Hi Arwaz,

The only information we are getting from the diagonals of the cube is the length of the sides of the triangle. We are not drawing any triangle inside the cube. We are being told that the diagonal lengths DF, AG and CE are the lengths of the sides of a triangle. So we just have to draw an equilateral triangle with sides having length same as the length of a diagonal.
Now if the side of cube is a, then side of the diagonal will be $$\sqrt{\ 3}$$a which is the length of the side of an equilateral triangle.

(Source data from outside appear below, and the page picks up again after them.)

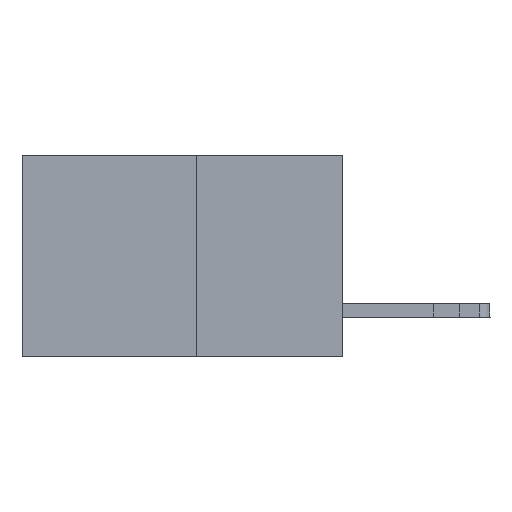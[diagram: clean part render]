
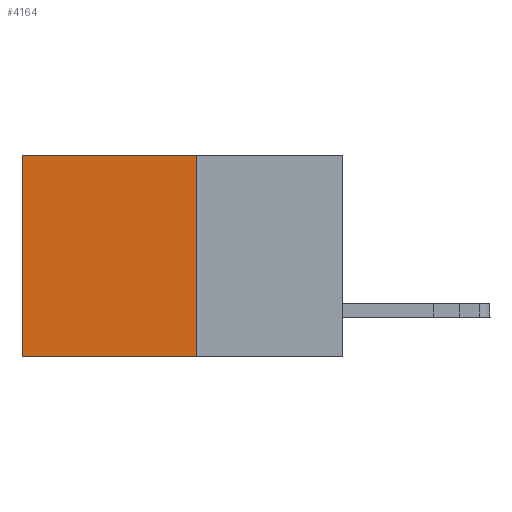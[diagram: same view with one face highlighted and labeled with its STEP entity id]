
A CAD part, left-side view. The second image highlights one B-rep face of the part: STEP entity #4164.
In plain terms, the highlighted planar face has unit normal (-1, 0, 0).
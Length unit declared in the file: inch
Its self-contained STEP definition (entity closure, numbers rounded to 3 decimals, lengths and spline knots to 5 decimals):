
#535 = VECTOR ( 'NONE', #8946, 39.37008 ) ;
#1819 = DIRECTION ( 'NONE',  ( 0., 0., -1. ) ) ;
#1823 = DIRECTION ( 'NONE',  ( 1., 0., 0. ) ) ;
#1861 = PLANE ( 'NONE',  #2588 ) ;
#2011 = EDGE_CURVE ( 'NONE', #6225, #8373, #3057, .T. ) ;
#2155 = CARTESIAN_POINT ( 'NONE',  ( 0.277, 0.27, -0.37 ) ) ;
#2262 = VECTOR ( 'NONE', #5307, 39.37008 ) ;
#2588 = AXIS2_PLACEMENT_3D ( 'NONE', #2155, #1823, #1819 ) ;
#3057 = LINE ( 'NONE', #10916, #6325 ) ;
#3770 = LINE ( 'NONE', #13703, #535 ) ;
#4164 = ADVANCED_FACE ( 'NONE', ( #7215 ), #1861, .F. ) ;
#4274 = CARTESIAN_POINT ( 'NONE',  ( 0.277, 0.27, 0. ) ) ;
#4838 = VECTOR ( 'NONE', #10392, 39.37008 ) ;
#5307 = DIRECTION ( 'NONE',  ( 0., 0., -1. ) ) ;
#5810 = ORIENTED_EDGE ( 'NONE', *, *, #2011, .F. ) ;
#6225 = VERTEX_POINT ( 'NONE', #7240 ) ;
#6325 = VECTOR ( 'NONE', #13161, 39.37008 ) ;
#6665 = CARTESIAN_POINT ( 'NONE',  ( 0.277, 0.59, -0.37 ) ) ;
#7129 = ORIENTED_EDGE ( 'NONE', *, *, #10547, .F. ) ;
#7215 = FACE_OUTER_BOUND ( 'NONE', #11601, .T. ) ;
#7240 = CARTESIAN_POINT ( 'NONE',  ( 0.277, 0.27, -0.37 ) ) ;
#7878 = VERTEX_POINT ( 'NONE', #11847 ) ;
#8217 = ORIENTED_EDGE ( 'NONE', *, *, #10843, .T. ) ;
#8373 = VERTEX_POINT ( 'NONE', #6665 ) ;
#8946 = DIRECTION ( 'NONE',  ( 0., 0., -1. ) ) ;
#9172 = CARTESIAN_POINT ( 'NONE',  ( 0.277, 0.27, 0. ) ) ;
#10392 = DIRECTION ( 'NONE',  ( 0., 1., 0. ) ) ;
#10547 = EDGE_CURVE ( 'NONE', #12409, #6225, #15014, .T. ) ;
#10843 = EDGE_CURVE ( 'NONE', #7878, #8373, #3770, .T. ) ;
#10916 = CARTESIAN_POINT ( 'NONE',  ( 0.277, 0.27, -0.37 ) ) ;
#11601 = EDGE_LOOP ( 'NONE', ( #8217, #5810, #7129, #13211 ) ) ;
#11847 = CARTESIAN_POINT ( 'NONE',  ( 0.277, 0.59, 0. ) ) ;
#12409 = VERTEX_POINT ( 'NONE', #4274 ) ;
#12584 = CARTESIAN_POINT ( 'NONE',  ( 0.277, 0.27, -0.37 ) ) ;
#13161 = DIRECTION ( 'NONE',  ( 0., 1., 0. ) ) ;
#13211 = ORIENTED_EDGE ( 'NONE', *, *, #15114, .T. ) ;
#13703 = CARTESIAN_POINT ( 'NONE',  ( 0.277, 0.59, -0.37 ) ) ;
#15014 = LINE ( 'NONE', #12584, #2262 ) ;
#15091 = LINE ( 'NONE', #9172, #4838 ) ;
#15114 = EDGE_CURVE ( 'NONE', #12409, #7878, #15091, .T. ) ;

We know that the area of an equilateral triangle is $$\dfrac{\sqrt{\ 3}}{4}s^2$$ , so the area becomes

Area = $$\frac{\sqrt{\ 3}}{4}\left(\sqrt{\ 3}a\right)^2\ =\ \frac{3\sqrt{\ 3}}{4}a^2$$

and we know that,    product of sides of triangle = 4 * R * Area of the triangle

==>   R =  $$\dfrac{product\ of\ sides\ of\ the\ triangle}{4\times\left(area\ of\ triangle\right)\ }\ =\ \dfrac{\sqrt{\ 3\ }a\times\ \sqrt{\ 3}a\times\ \sqrt{\ 3}a}{4\times\ \dfrac{3\sqrt{\ 3}}{4}\times\ a^2}\ =\ \dfrac{3\sqrt{\ 3}a^3}{3\sqrt{\ 3}a^2}\ =\ a$$

So R is the length of the side of the cube which is a.
Hope this clears your doubt.

What step of the solution did you not understand Lenin? Please go through the concepts again and attempt with a fresh mind.

Hi Vinay,
In an equilateral triangle, Circumradius is two-thirds of the height whereas in-radius is one-third of the height of the triangle.